The range of my services covers in particular the following aspects:
- Securing merger clearance from the Federal Cartel Office (Germany) and the European Commission, with a focus on private equity operations
- Solution-oriented analysis of antitrust risks of envisaged mergers and strategies on how to deal with such risks
- Assessment of multijurisdictional merger filing requirements
- Preparation and co-ordination of multijurisdictional merger filings
Under certain conditions and depending on the economic significance (jurisdictional thresholds), structural market changes through mergers, acquisitions and joint ventures are subject to clearance by the national competition authorities or the European Commission.
In the majority of cases, transactions caught by merger control do not impede effective competition and thus pass the substantive merger clearance test without difficulty, especially when financial investors are involved on the acquirer side. In such routine cases, it is still important to plan – in consultation with the transaction lawyers – the merger control procedure into the M&A process and to present the project in sufficient detail in the notification so as to avoid unnecessary procedural delays. To this end it should be clarified well before the signing in which jurisdictions merger clearance is required. This allows for merger filings to be prepared and coordinated at an early stage and for the merger control procedure to be initiated directly following signing.
I have successfully accompanied a large number of merger control proceedings before the German Federal Cartel Office (Bundeskartellamt), the French Autorité de la concurrence and the European Commission, particularly with regard to mid-cap transactions and private equity investments, and thus have the necessary routine to guarantee a smooth handling of the merger filing process. If multijurisdictional filings are required, I can usually call on local counsels who I personally know and appreciate from previous transactions.
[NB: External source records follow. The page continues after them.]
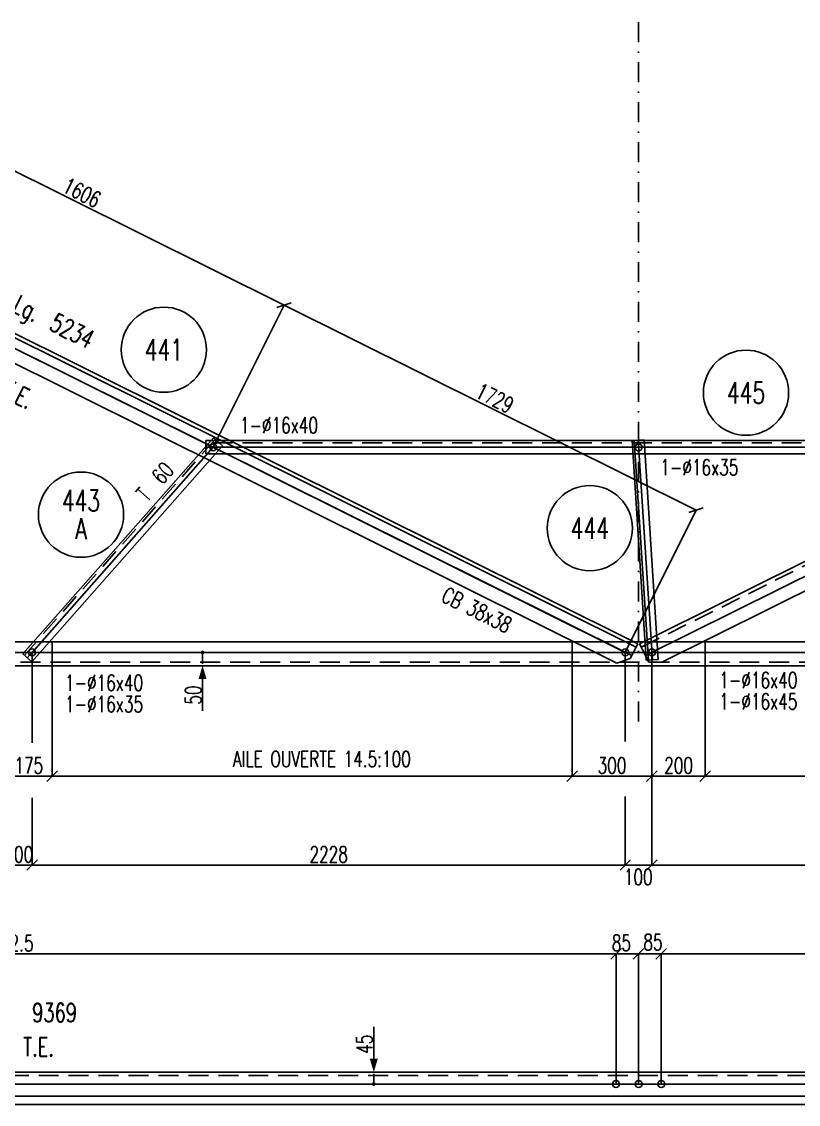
# Model space of a CAD drawing. Extents: x 161763 to 177983, y -163675 to -152195.
# Drawn here: x 164660 to 167577, y -163675 to -159608 of the extents above; entities that cross this region are included whole.
import ezdxf
from ezdxf.enums import TextEntityAlignment as Align

# ---------------------------------------------------------------- set-up
doc = ezdxf.new("R2010")
doc.units = 0
doc.header["$LTSCALE"] = 150
doc.header["$MEASUREMENT"] = 0
doc.linetypes.add('DASHDOT', pattern=[1, 0.5, -0.25, 0, -0.25])
doc.linetypes.add('DASHED', pattern=[0.75, 0.5, -0.25])
doc.layers.get('0').update_dxf_attribs({"linetype": 'CONTINUOUS'})
doc.layers.get('DEFPOINTS').update_dxf_attribs({"linetype": 'CONTINUOUS'})
for name, color, linetype in [('ASSI', 6, 'CONTINUOUS'), ('BOLLINI_1', 7, 'CONTINUOUS'), ('BOLLINI_5', 7, 'CONTINUOUS'), ('FORI', 2, 'CONTINUOUS'), ('LINEA_ANG', 2, 'CONTINUOUS'), ('LS', 7, 'CONTINUOUS'), ('MZ', 6, 'DASHDOT'), ('QT_MAL', 7, 'CONTINUOUS'), ('QT_MPR', 7, 'CONTINUOUS'), ('TRAT-Y', 7, 'DASHED')]:
    doc.layers.add(name, color=color, linetype=linetype)
doc.styles.add('QUOTE', font='ROMANS8.SHX', dxfattribs={"width": 0.7})
doc.styles.add('RQL', font='ROMANS8.SHX', dxfattribs={"width": 0.7})
doc.styles.add('RS', font='ROMANS8.shx', dxfattribs={"width": 0.7})
doc.styles.get("Standard").update_dxf_attribs({"font": 'ROMANS8.SHX', "width": 0.7})
doc.dimstyles.new('FRECCE1', dxfattribs={"dimtxt": 60, "dimasz": 6.6667, "dimexe": 0, "dimexo": 0, "dimgap": 1, "dimtad": 1, "dimzin": 0, "dimdsep": 46, "dimtxsty": 'RS', "dimblk1": 'QUOTP', "dimblk2": 'QUOTF', "dimsah": 1, "dimcen": 0, "dimclrd": 2, "dimclre": 2, "dimclrt": 7, "dimadec": 0, "dimazin": 0, "dimtfac": 1, "dimtix": 1, "dimtmove": 2, "dimatfit": 3, "dimldrblk": 'QUOTP', "dimfxl": 1, "dimtolj": 1, "dimtzin": 0, "dimarcsym": 0})
doc.dimstyles.new('TRATTO', dxfattribs={"dimscale": 0, "dimtxt": 60, "dimasz": 40, "dimexe": 0, "dimexo": 0, "dimgap": 10, "dimtad": 1, "dimrnd": 0.5, "dimdsep": 46, "dimtxsty": 'RS', "dimblk1": 'OBLIQUE', "dimblk2": 'OBLIQUE', "dimsah": 1, "dimcen": 0.09, "dimclrd": 2, "dimclre": 2, "dimclrt": 7, "dimadec": 0, "dimazin": 0, "dimtfac": 1, "dimtix": 1, "dimtmove": 2, "dimatfit": 3, "dimfxl": 1, "dimtolj": 1, "dimtzin": 0, "dimarcsym": 0})

# ---------------------------------------------------------------- blocks, each defined once
blk = doc.blocks.new('ASSE98')
blk.add_line((0, 0), (1, 0))
at = {"color": 7, "style": 'QUOTE', "width": 0.5, "flags": 1}
for tag, p in [('TI', (1.38308, 6.82731)), ('DI_S', (1.38308, 6.42178)), ('D_S', (1.38308, 6.02092)), ('E_S', (1.38308, 5.68065)), ('NFORI', (1.36454, 5.29792)), ('ALAR', (1.36349, 4.93246)), ('FAM', (1.3775, 4.54645)), ('ALA', (1.38308, 4.19257)), ('DISP2', (1.38308, 3.84971)), ('DISP1', (1.38308, 3.50686)), ('PINZAF', (1.38308, 3.164)), ('PINZAI', (1.38308, 2.82114)), ('TRP', (1.38308, 2.47829)), ('NP', (1.38308, 2.13543)), ('SV', (1.38308, 1.79257)), ('PESO', (1.38308, 1.44971)), ('QUA', (1.38308, 1.10686)), ('LUN', (1.38308, 0.764)), ('PROF', (1.38308, 0.42114)), ('POS', (1.38308, 0.07829))]:
    blk.add_attdef(tag, p, '', height=0.2, dxfattribs=at)
at = {"color": 7, "flags": 1}
for tag, p in [('LAV1', (3.07431, 6.82847)), ('LAV2', (3.07431, 6.49513)), ('LAV3', (3.07431, 6.1618)), ('LAV4', (3.07431, 5.82847)), ('LAV5', (3.07431, 5.49513)), ('LAV6', (3.07431, 5.1618)), ('LAV7', (3.07431, 4.82847)), ('LAV8', (3.07431, 4.49513)), ('LAV9', (3.07431, 4.1618)), ('LAV10', (3.07431, 3.82847))]:
    blk.add_attdef(tag, p, '', height=0.2, dxfattribs=at)
blk = doc.blocks.new('16')
blk.add_circle((0, 0), 1)
blk = doc.blocks.new('_OBLIQUE')
at = {"color": 0, "linetype": 'ByBlock'}
blk.add_line((-0.5, -0.5), (0.5, 0.5), dxfattribs=at)
blk = doc.blocks.new('*D14')
at = {"layer": 'DEFPOINTS', "color": 0, "transparency": 16777216}
for p in [(164599.1, -161977.7), (164699.1, -162524.4), (164699.1, -162776.3)]:
    blk.add_point(p, dxfattribs=at)
at = {"layer": 'QT_MPR', "color": 2, "lineweight": -2, "transparency": 16777216}
for p, q in [((164599.1, -161977.7), (164599.1, -162776.3)), ((164699.1, -162524.4), (164699.1, -162776.3)), ((164599.1, -162776.3), (164699.1, -162776.3))]:
    blk.add_line(p, q, dxfattribs=at)
at = {"layer": 'QT_MPR', "color": 2, "lineweight": -2, "transparency": 16777216, "xscale": 40, "yscale": 40, "zscale": 40, "rotation": 180}
blk.add_blockref('_OBLIQUE', (164599.1, -162776.3), dxfattribs=at)
at = {"layer": 'QT_MPR', "color": 2, "lineweight": -2, "transparency": 16777216, "xscale": 40, "yscale": 40, "zscale": 40}
blk.add_blockref('_OBLIQUE', (164699.1, -162776.3), dxfattribs=at)
at = {"layer": 'QT_MPR', "color": 7, "transparency": 16777216, "insert": (164649.1, -162736.3), "char_height": 60, "attachment_point": 5, "style": 'RS'}
blk.add_mtext('\\A1;100', dxfattribs=at)
blk = doc.blocks.new('*D15')
at = {"layer": 'DEFPOINTS', "color": 0, "transparency": 16777216}
for p in [(164699.1, -162524.4), (166927.1, -162519), (166927.1, -162776.3)]:
    blk.add_point(p, dxfattribs=at)
at = {"layer": 'QT_MPR', "color": 2, "lineweight": -2, "transparency": 16777216}
for p, q in [((164699.1, -162524.4), (164699.1, -162776.3)), ((166927.1, -162519), (166927.1, -162776.3)), ((164699.1, -162776.3), (166927.1, -162776.3))]:
    blk.add_line(p, q, dxfattribs=at)
at = {"layer": 'QT_MPR', "color": 2, "lineweight": -2, "transparency": 16777216, "xscale": 40, "yscale": 40, "zscale": 40, "rotation": 180}
blk.add_blockref('_OBLIQUE', (164699.1, -162776.3), dxfattribs=at)
at = {"layer": 'QT_MPR', "color": 2, "lineweight": -2, "transparency": 16777216, "xscale": 40, "yscale": 40, "zscale": 40}
blk.add_blockref('_OBLIQUE', (166927.1, -162776.3), dxfattribs=at)
at = {"layer": 'QT_MPR', "color": 7, "transparency": 16777216, "insert": (165813.1, -162736.3), "char_height": 60, "attachment_point": 5, "style": 'RS'}
blk.add_mtext('\\A1;2228', dxfattribs=at)
blk = doc.blocks.new('*D16')
at = {"layer": 'DEFPOINTS', "color": 0, "transparency": 16777216}
for p in [(167027.1, -161977.7), (166927.1, -162519), (167027.1, -162776.3)]:
    blk.add_point(p, dxfattribs=at)
at = {"layer": 'QT_MPR', "color": 2, "lineweight": -2, "transparency": 16777216}
for p, q in [((167027.1, -161977.7), (167027.1, -162776.3)), ((166927.1, -162519), (166927.1, -162776.3)), ((166927.1, -162776.3), (167027.1, -162776.3))]:
    blk.add_line(p, q, dxfattribs=at)
at = {"layer": 'QT_MPR', "color": 2, "lineweight": -2, "transparency": 16777216, "xscale": 40, "yscale": 40, "zscale": 40, "rotation": 180}
blk.add_blockref('_OBLIQUE', (166927.1, -162776.3), dxfattribs=at)
at = {"layer": 'QT_MPR', "color": 2, "lineweight": -2, "transparency": 16777216, "xscale": 40, "yscale": 40, "zscale": 40}
blk.add_blockref('_OBLIQUE', (167027.1, -162776.3), dxfattribs=at)
at = {"layer": 'QT_MPR', "color": 7, "transparency": 16777216, "insert": (166975.5, -162821.3), "char_height": 60, "attachment_point": 5, "style": 'RS'}
blk.add_mtext('\\A1;100', dxfattribs=at)
blk = doc.blocks.new('*D17')
at = {"layer": 'DEFPOINTS', "color": 0, "transparency": 16777216}
for p in [(167027.1, -161977.7), (169255, -162521.8), (169255, -162776.3)]:
    blk.add_point(p, dxfattribs=at)
at = {"layer": 'QT_MPR', "color": 2, "lineweight": -2, "transparency": 16777216}
for p, q in [((167027.1, -161977.7), (167027.1, -162776.3)), ((169255, -162521.8), (169255, -162776.3)), ((167027.1, -162776.3), (169255, -162776.3))]:
    blk.add_line(p, q, dxfattribs=at)
at = {"layer": 'QT_MPR', "color": 2, "lineweight": -2, "transparency": 16777216, "xscale": 40, "yscale": 40, "zscale": 40, "rotation": 180}
blk.add_blockref('_OBLIQUE', (167027.1, -162776.3), dxfattribs=at)
at = {"layer": 'QT_MPR', "color": 2, "lineweight": -2, "transparency": 16777216, "xscale": 40, "yscale": 40, "zscale": 40}
blk.add_blockref('_OBLIQUE', (169255, -162776.3), dxfattribs=at)
at = {"layer": 'QT_MPR', "color": 7, "transparency": 16777216, "insert": (168141, -162736.3), "char_height": 60, "attachment_point": 5, "style": 'RS'}
blk.add_mtext('\\A1;2228', dxfattribs=at)
blk = doc.blocks.new('*D22')
at = {"layer": 'DEFPOINTS', "color": 0, "transparency": 16777216}
for p in [(167062.1, -163110.4), (167062.1, -163599.4), (171634.3, -163599.4)]:
    blk.add_point(p, dxfattribs=at)
at = {"layer": 'QT_MPR', "color": 2, "lineweight": -2, "transparency": 16777216}
for p, q in [((167062.1, -163599.4), (167062.1, -163110.4)), ((171634.3, -163110.4), (167062.1, -163110.4)), ((171634.3, -163599.4), (171634.3, -163110.4))]:
    blk.add_line(p, q, dxfattribs=at)
at = {"layer": 'QT_MPR', "color": 2, "lineweight": -2, "transparency": 16777216, "xscale": 40, "yscale": 40, "zscale": 40, "rotation": 180}
blk.add_blockref('_OBLIQUE', (167062.1, -163110.4), dxfattribs=at)
at = {"layer": 'QT_MPR', "color": 2, "lineweight": -2, "transparency": 16777216, "xscale": 40, "yscale": 40, "zscale": 40}
blk.add_blockref('_OBLIQUE', (171634.3, -163110.4), dxfattribs=at)
at = {"layer": 'QT_MPR', "color": 7, "transparency": 16777216, "insert": (169348.2, -163070.4), "char_height": 60, "attachment_point": 5, "style": 'RS'}
blk.add_mtext('\\A1;4572.5', dxfattribs=at)
blk = doc.blocks.new('*D23')
at = {"layer": 'DEFPOINTS', "color": 0, "transparency": 16777216}
for p in [(166977.1, -163110.4), (166977.1, -163599.4), (167062.1, -163599.4)]:
    blk.add_point(p, dxfattribs=at)
at = {"layer": 'QT_MPR', "color": 2, "lineweight": -2, "transparency": 16777216}
for p, q in [((166977.1, -163599.4), (166977.1, -163110.4)), ((167062.1, -163110.4), (166977.1, -163110.4)), ((167062.1, -163599.4), (167062.1, -163110.4))]:
    blk.add_line(p, q, dxfattribs=at)
at = {"layer": 'QT_MPR', "color": 2, "lineweight": -2, "transparency": 16777216, "xscale": 40, "yscale": 40, "zscale": 40, "rotation": 180}
blk.add_blockref('_OBLIQUE', (166977.1, -163110.4), dxfattribs=at)
at = {"layer": 'QT_MPR', "color": 2, "lineweight": -2, "transparency": 16777216, "xscale": 40, "yscale": 40, "zscale": 40}
blk.add_blockref('_OBLIQUE', (167062.1, -163110.4), dxfattribs=at)
at = {"layer": 'QT_MPR', "color": 7, "transparency": 16777216, "insert": (167031, -163066.1), "char_height": 60, "attachment_point": 5, "style": 'RS'}
blk.add_mtext('\\A1;85', dxfattribs=at)
blk = doc.blocks.new('*D24')
at = {"layer": 'DEFPOINTS', "color": 0, "transparency": 16777216}
for p in [(166892.1, -163110.4), (166892.1, -163599.4), (166977.1, -163599.4)]:
    blk.add_point(p, dxfattribs=at)
at = {"layer": 'QT_MPR', "color": 2, "lineweight": -2, "transparency": 16777216}
for p, q in [((166892.1, -163599.4), (166892.1, -163110.4)), ((166977.1, -163110.4), (166892.1, -163110.4)), ((166977.1, -163599.4), (166977.1, -163110.4))]:
    blk.add_line(p, q, dxfattribs=at)
at = {"layer": 'QT_MPR', "color": 2, "lineweight": -2, "transparency": 16777216, "xscale": 40, "yscale": 40, "zscale": 40, "rotation": 180}
blk.add_blockref('_OBLIQUE', (166892.1, -163110.4), dxfattribs=at)
at = {"layer": 'QT_MPR', "color": 2, "lineweight": -2, "transparency": 16777216, "xscale": 40, "yscale": 40, "zscale": 40}
blk.add_blockref('_OBLIQUE', (166977.1, -163110.4), dxfattribs=at)
at = {"layer": 'QT_MPR', "color": 7, "transparency": 16777216, "insert": (166912.4, -163069.1), "char_height": 60, "attachment_point": 5, "style": 'RS'}
blk.add_mtext('\\A1;85', dxfattribs=at)
blk = doc.blocks.new('*D25')
at = {"layer": 'DEFPOINTS', "color": 0, "transparency": 16777216}
for p in [(162319.8, -163110.4), (162319.8, -163599.4), (166892.1, -163599.4)]:
    blk.add_point(p, dxfattribs=at)
at = {"layer": 'QT_MPR', "color": 2, "lineweight": -2, "transparency": 16777216}
for p, q in [((162319.8, -163599.4), (162319.8, -163110.4)), ((166892.1, -163110.4), (162319.8, -163110.4)), ((166892.1, -163599.4), (166892.1, -163110.4))]:
    blk.add_line(p, q, dxfattribs=at)
at = {"layer": 'QT_MPR', "color": 2, "lineweight": -2, "transparency": 16777216, "xscale": 40, "yscale": 40, "zscale": 40, "rotation": 180}
blk.add_blockref('_OBLIQUE', (162319.8, -163110.4), dxfattribs=at)
at = {"layer": 'QT_MPR', "color": 2, "lineweight": -2, "transparency": 16777216, "xscale": 40, "yscale": 40, "zscale": 40}
blk.add_blockref('_OBLIQUE', (166892.1, -163110.4), dxfattribs=at)
at = {"layer": 'QT_MPR', "color": 7, "transparency": 16777216, "insert": (164605.9, -163070.4), "char_height": 60, "attachment_point": 5, "style": 'RS'}
blk.add_mtext('\\A1;4572.5', dxfattribs=at)
blk = doc.blocks.new('*D31')
at = {"layer": 'DEFPOINTS', "color": 0, "transparency": 16777216}
for p in [(167227.1, -161937.7), (167027.1, -161977.7), (167027.1, -162442.3)]:
    blk.add_point(p, dxfattribs=at)
at = {"layer": 'LS', "color": 2, "lineweight": -2, "transparency": 16777216}
for p, q in [((167227.1, -161937.7), (167227.1, -162442.3)), ((167027.1, -161977.7), (167027.1, -162442.3)), ((167227.1, -162442.3), (167027.1, -162442.3))]:
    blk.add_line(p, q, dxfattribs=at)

Cases more complex as to their substantive assessment should be identified – also on the seller side – already in the planning phase and transaction risks should be assessed for different options. This may relate to the choice of potential acquirers, the perimeter of the transaction or considerations of possible commitments in later merger control proceedings. Here, too, I am in a position to offer legal advice, if necessary in cooperation with specialized advisors on competition economics.
Insofar as the time resources required for the assessment and implementation of competitively complex merger filings make the handling by a team of competition lawyers advisable, I will communicate this openly and, if requested, also assist in the selection of suitable law firms.